**PROBLEM DETAILS**: Would you quote every entry exactly, dropping only the pictures?

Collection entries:
++++++++

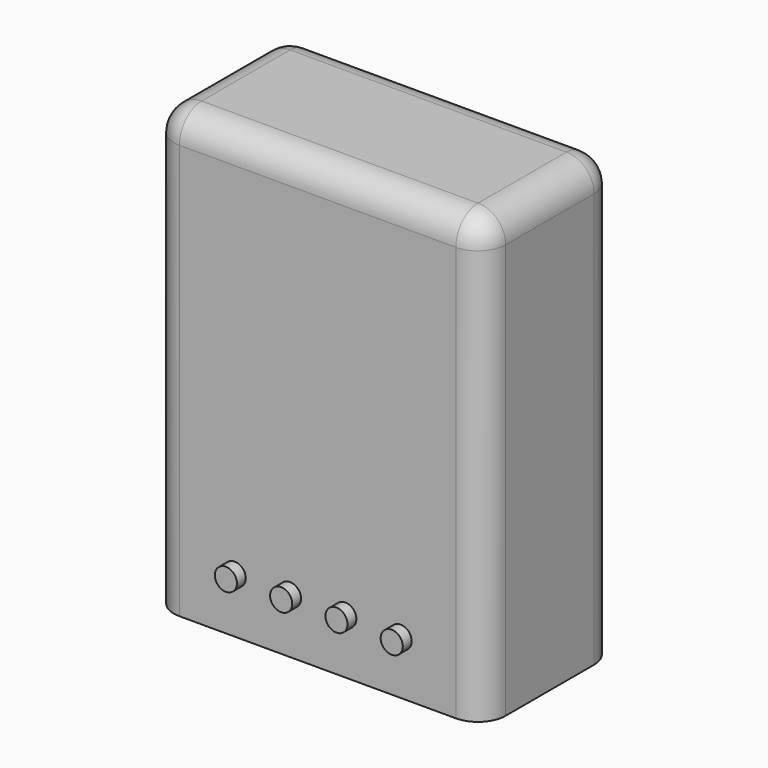
from build123d import *

# Parameters (mm, degrees)
F0_W     = 60
F0_H     = 80
F0_R     = 2
F1_DEPTH = 30
F2_DEPTH = 32
F3_R     = 5


# Not quite as in the source:
# - a feature names something its author has since deleted; it is built from what else it names


with BuildPart() as f1:
    # F0 (on Front) → F1 (new body)
    with BuildSketch(Plane.XZ):
        Rectangle(F0_W, F0_H)
        with Locations((-15, -30.0458669662)):
            Circle(F0_R, mode=Mode.SUBTRACT)
        with Locations((-5, -30.0458669662)):
            Circle(F0_R, mode=Mode.SUBTRACT)
        with Locations((5, -30.0458669662)):
            Circle(F0_R, mode=Mode.SUBTRACT)
        with Locations((15, -30.3212571889)):
            Circle(F0_R, mode=Mode.SUBTRACT)
    extrude(amount=F1_DEPTH)

    # F0 (on Front) → F2 (join)
    with BuildSketch(Plane.XZ):
        with Locations((-15, -30.0458669662)):
            Circle(F0_R)
        with Locations((15, -30.3212571889)):
            Circle(F0_R)
        with Locations((-5, -30.0458669662)):
            Circle(F0_R)
        with Locations((5, -30.0458669662)):
            Circle(F0_R)
    extrude(amount=F2_DEPTH)

    # F3
    f3_edges = [f1.edges().sort_by_distance(p)[0] for p in [
        (0, -30, 40),
        (0, 0, 40),
        (30, -15, 40),
        (-30, -15, 40),
        (-30, -30, 0),
        (30, -30, 0),
        (-30, 0, 0),
        (30, 0, 0),
    ]]
    fillet(f3_edges, radius=F3_R)


solid = f1.part
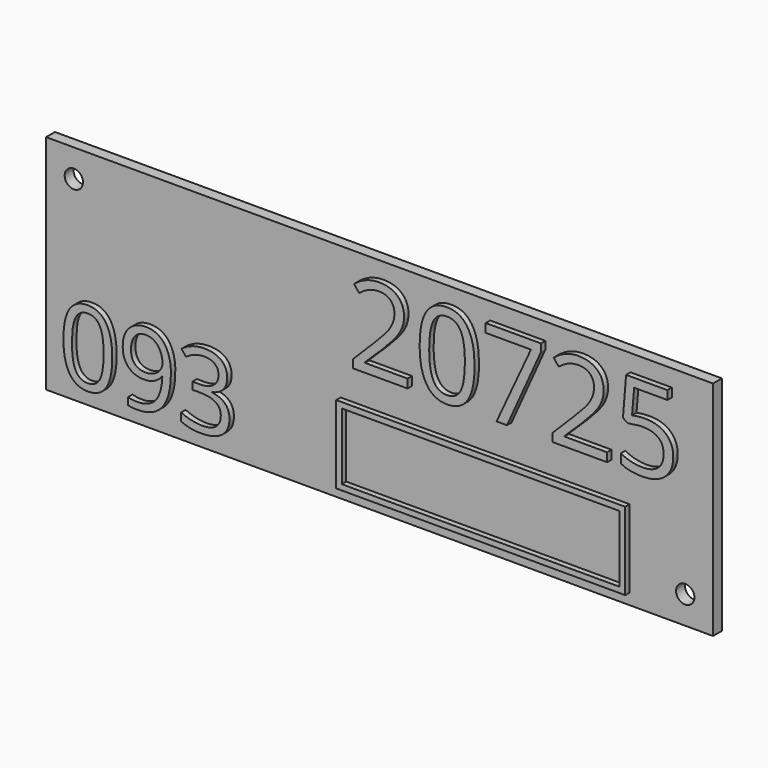
from build123d import *

# Parameters (mm, degrees)
F0_W         = 120
F0_H         = 40
F1_DEPTH     = 2
F3_D         = 3.3
F4_TEXT_SIZE = 20.9355577363
F5_DEPTH     = 1
F6_TEXT_SIZE = 18.5894526641
F7_DEPTH     = 1
F8_W         = 52
F8_H         = 14
F8_W_2       = 49.99999962
F8_H_2       = 11.99999962
F9_DEPTH     = 1


# Not quite as in the source:
# - Text() gives the source's letters only with a copy of the font that has no kerning and outlines rounded to 1/6400 em; it was checked with that copy


with BuildPart() as f1:
    # F0 (on Front) → F1 (new body)
    with BuildSketch(Plane.XZ):
        Rectangle(F0_W, F0_H)
    extrude(amount=F1_DEPTH)

    # F3 (through all)
    with Locations(Plane.XZ.offset(2)):
        with Locations((-55, 15), (55, -15)):
            Hole(F3_D / 2)

    # F4 (on face) → F5 (join)
    with BuildSketch(Plane.XZ.offset(2)):
        with Locations((-5, 2)):
            Text('20725', F4_TEXT_SIZE, font='Open Sans', text_align=(TextAlign.LEFT, TextAlign.BOTTOM))
    extrude(amount=F5_DEPTH)

    # F6 (on face) → F7 (join)
    with BuildSketch(Plane.XZ.offset(2)):
        with Locations((-57, -17)):
            Text('093', F6_TEXT_SIZE, font='Open Sans', text_align=(TextAlign.LEFT, TextAlign.BOTTOM))
    extrude(amount=F7_DEPTH)

    # F8 (on face) → F9 (join)
    with BuildSketch(Plane.XZ.offset(2)):
        with Locations((19, -11)):
            Rectangle(F8_W, F8_H)
        with Locations((19, -11)):
            Rectangle(F8_W_2, F8_H_2, mode=Mode.SUBTRACT)
    extrude(amount=F9_DEPTH)


solid = f1.part

++++++++

**TASK ANSWER**:
from build123d import *

# Parameters (mm, degrees)
F0_W     = 60
F0_H     = 80
F0_R     = 2
F1_DEPTH = 30
F2_DEPTH = 32
F3_R     = 5


# Not quite as in the source:
# - a feature names something its author has since deleted; it is built from what else it names


with BuildPart() as f1:
    # F0 (on Front) → F1 (new body)
    with BuildSketch(Plane.XZ):
        Rectangle(F0_W, F0_H)
        with Locations((-15, -30.0458669662)):
            Circle(F0_R, mode=Mode.SUBTRACT)
        with Locations((-5, -30.0458669662)):
            Circle(F0_R, mode=Mode.SUBTRACT)
        with Locations((5, -30.0458669662)):
            Circle(F0_R, mode=Mode.SUBTRACT)
        with Locations((15, -30.3212571889)):
            Circle(F0_R, mode=Mode.SUBTRACT)
    extrude(amount=F1_DEPTH)

    # F0 (on Front) → F2 (join)
    with BuildSketch(Plane.XZ):
        with Locations((-15, -30.0458669662)):
            Circle(F0_R)
        with Locations((15, -30.3212571889)):
            Circle(F0_R)
        with Locations((-5, -30.0458669662)):
            Circle(F0_R)
        with Locations((5, -30.0458669662)):
            Circle(F0_R)
    extrude(amount=F2_DEPTH)

    # F3
    f3_edges = [f1.edges().sort_by_distance(p)[0] for p in [
        (0, -30, 40),
        (0, 0, 40),
        (30, -15, 40),
        (-30, -15, 40),
        (-30, -30, 0),
        (30, -30, 0),
        (-30, 0, 0),
        (30, 0, 0),
    ]]
    fillet(f3_edges, radius=F3_R)


solid = f1.part
from build123d import *

# Parameters (mm, degrees)
F0_W         = 120
F0_H         = 40
F1_DEPTH     = 2
F3_D         = 3.3
F4_TEXT_SIZE = 20.9355577363
F5_DEPTH     = 1
F6_TEXT_SIZE = 18.5894526641
F7_DEPTH     = 1
F8_W         = 52
F8_H         = 14
F8_W_2       = 49.99999962
F8_H_2       = 11.99999962
F9_DEPTH     = 1


# Not quite as in the source:
# - Text() gives the source's letters only with a copy of the font that has no kerning and outlines rounded to 1/6400 em; it was checked with that copy


with BuildPart() as f1:
    # F0 (on Front) → F1 (new body)
    with BuildSketch(Plane.XZ):
        Rectangle(F0_W, F0_H)
    extrude(amount=F1_DEPTH)

    # F3 (through all)
    with Locations(Plane.XZ.offset(2)):
        with Locations((-55, 15), (55, -15)):
            Hole(F3_D / 2)

    # F4 (on face) → F5 (join)
    with BuildSketch(Plane.XZ.offset(2)):
        with Locations((-5, 2)):
            Text('20725', F4_TEXT_SIZE, font='Open Sans', text_align=(TextAlign.LEFT, TextAlign.BOTTOM))
    extrude(amount=F5_DEPTH)

    # F6 (on face) → F7 (join)
    with BuildSketch(Plane.XZ.offset(2)):
        with Locations((-57, -17)):
            Text('093', F6_TEXT_SIZE, font='Open Sans', text_align=(TextAlign.LEFT, TextAlign.BOTTOM))
    extrude(amount=F7_DEPTH)

    # F8 (on face) → F9 (join)
    with BuildSketch(Plane.XZ.offset(2)):
        with Locations((19, -11)):
            Rectangle(F8_W, F8_H)
        with Locations((19, -11)):
            Rectangle(F8_W_2, F8_H_2, mode=Mode.SUBTRACT)
    extrude(amount=F9_DEPTH)


solid = f1.part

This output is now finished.